Yes, especially since bettas can breath air.

It's difficult to find appropriate proofs of ammonia for fishless cycling. Sometimes lfs will sell it but not often. It's risky at best to buy industrial ammonia. In any event you wouldn't want "pure" ammonia, any chemistry student knows that stuff is nothing to mess with. I'm sure you meant ammonia without other additives like cleaners have, etc.


----------



## pinetree

Ace Hardware sells a janitorial strength ammonia that doesn't contain anything unwanted for cycling a tank. I believe it contains only ammonia and water.


----------



## Mikaila31

pinetree said:


> Ace Hardware sells a janitorial strength ammonia that doesn't contain anything unwanted for cycling a tank. I believe it contains only ammonia and water.

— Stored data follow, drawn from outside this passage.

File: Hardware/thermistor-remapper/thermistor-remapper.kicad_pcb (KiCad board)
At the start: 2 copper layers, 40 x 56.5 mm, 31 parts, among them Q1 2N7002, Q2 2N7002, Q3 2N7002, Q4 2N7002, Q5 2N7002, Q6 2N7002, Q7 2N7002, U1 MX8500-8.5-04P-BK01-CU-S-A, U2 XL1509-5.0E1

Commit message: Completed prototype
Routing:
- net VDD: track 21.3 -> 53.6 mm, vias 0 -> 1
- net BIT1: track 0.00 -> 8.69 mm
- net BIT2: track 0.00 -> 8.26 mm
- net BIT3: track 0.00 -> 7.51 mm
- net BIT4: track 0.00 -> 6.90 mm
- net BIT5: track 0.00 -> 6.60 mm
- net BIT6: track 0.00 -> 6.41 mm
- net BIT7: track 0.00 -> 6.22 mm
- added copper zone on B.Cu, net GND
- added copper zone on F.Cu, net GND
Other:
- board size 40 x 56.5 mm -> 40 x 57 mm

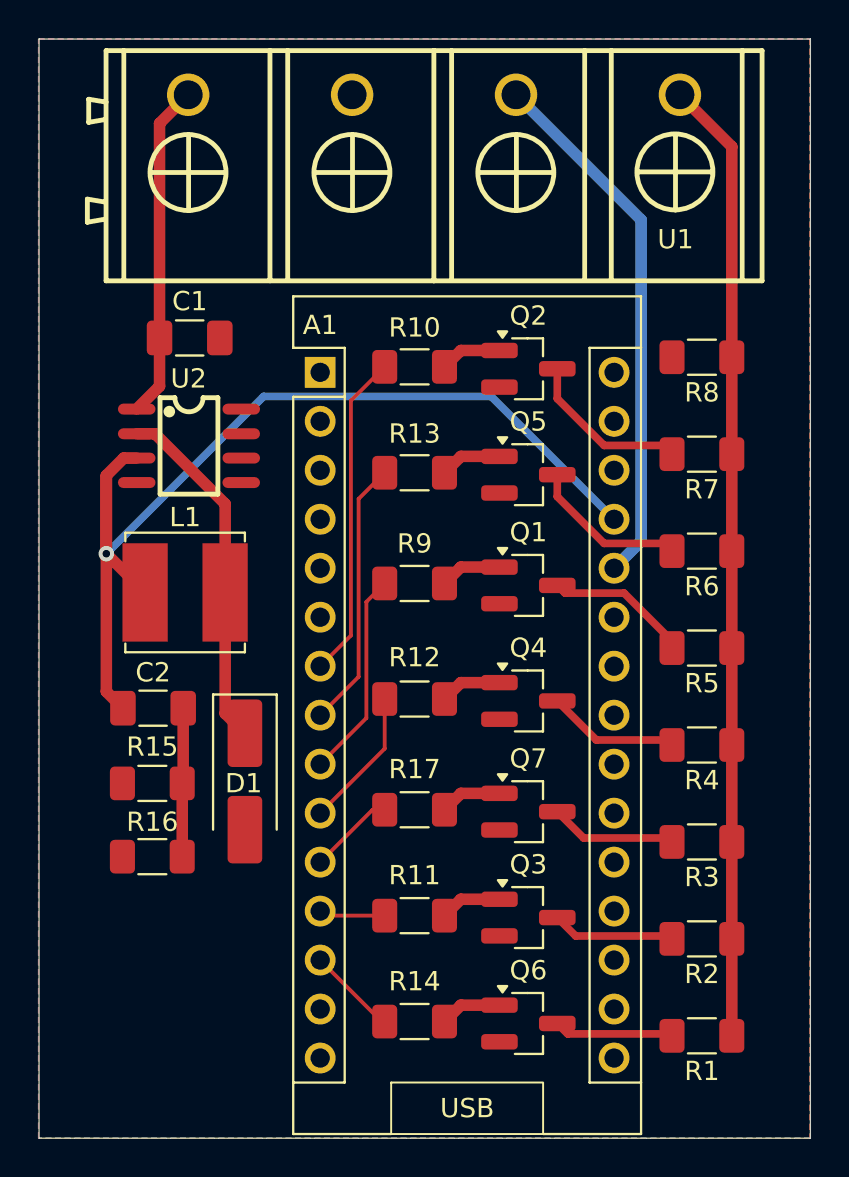
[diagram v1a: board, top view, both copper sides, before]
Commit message: Change resistors to 0806
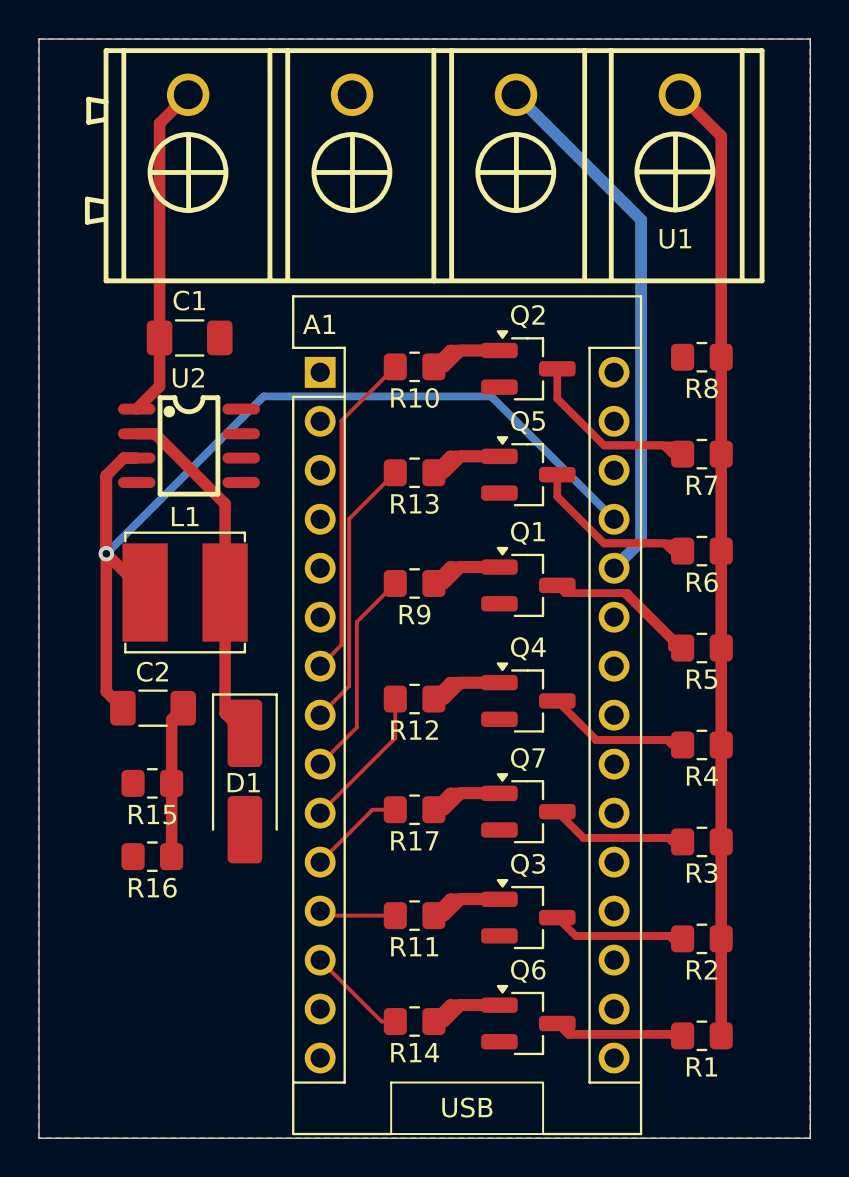
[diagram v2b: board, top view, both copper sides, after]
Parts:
- R1, R10, R11, R12, R13, R14, R15, R16, R17, R2, R3, R4, R5, R6, R7, R8, R9: footprint Resistor_SMD:R_1206_3216Metric_Pad1.30x1.75mm_HandSolder -> Resistor_SMD:R_0805_2012Metric_Pad1.20x1.40mm_HandSolder
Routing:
- net BIT7: track 6.22 -> 13.0 mm
- net BIT6: track 6.41 -> 12.0 mm
- net BIT5: track 6.60 -> 11.8 mm
- net BIT4: track 6.90 -> 11.5 mm
- net BIT3: track 7.51 -> 12.0 mm
- net BIT1: track 8.69 -> 13.0 mm
- net BIT2: track 8.26 -> 12.5 mm
- net Net-(Q6-G): track 3.20 -> 6.95 mm
- net Net-(Q5-G): track 3.20 -> 6.95 mm
- net Net-(Q1-G): track 3.20 -> 6.95 mm
- net Net-(Q3-G): track 3.20 -> 6.95 mm
- net Net-(Q2-G): track 3.20 -> 6.95 mm
- net Net-(Q7-G): track 3.20 -> 6.95 mm
- net Net-(Q4-G): track 3.20 -> 6.95 mm
- net MCU-D9: track 3.44 -> 3.99 mm

Yep thats what I got too. 

I agree that seeding the filter is the quickest way to go. If you take somewhere under 1/3 of the mature media from a cycled tank and put it in a uncycled tank you can stock and be cycled pretty much instantly. You just need to make sure you don't over tax the new tank. It can support fish, but the amount depends on how you cloned the tank. If properly done, neither tank will minicycle. I've done it alot, but only with tanks and species I am familiar with. It hinges alot on properly estimating the bioloads of tanks and of individual fish.


----------



## PuterChickFL

i got my bottle of pure ammonia from walmart


----------



## Corwin

Interesting I didn't know ammonia could be used in that way.


----------



## pinetree

PuterChickFL said:


> i got my bottle of pure ammonia from walmart


Be careful with Walmart "Great Value" brand ammonia. At my local Walmarts, it contains surfactants which is not acceptable for cycling a tank. It may be regional and in other areas they don't add that. In fact, every place I checked - Target, Lowes, Home Depot, Walmarts, all of my local grocery stores - the ammonia all contained surfactants. Only Ace Hardware had the right kind. 

If no ingredients are listed, you can check by shaking the bottle. If it foams and stays foamy for a bit, then it contains surfactants. If it's pure, you'll see a few bubbles, but no foam.


----------



## emc7

Fishless cycling is neat, but kind of tedious. You can fishless cycle with ammonia and "helpers" like Stability also. There's a sticky. Its good to "know" your tank is capable of processing ammonia before you add fish. The only real drawback I see is that I haven't found a # of fish to ammonia production chart. So you end up adding fish slowly and carefully anyway. Ideally, you'd use exactly the amount of ammonia that your fish will make and then you could fully stock after a big (maybe even 100%) water change. There's a thread on using fishless cycling to test cycling products.


----------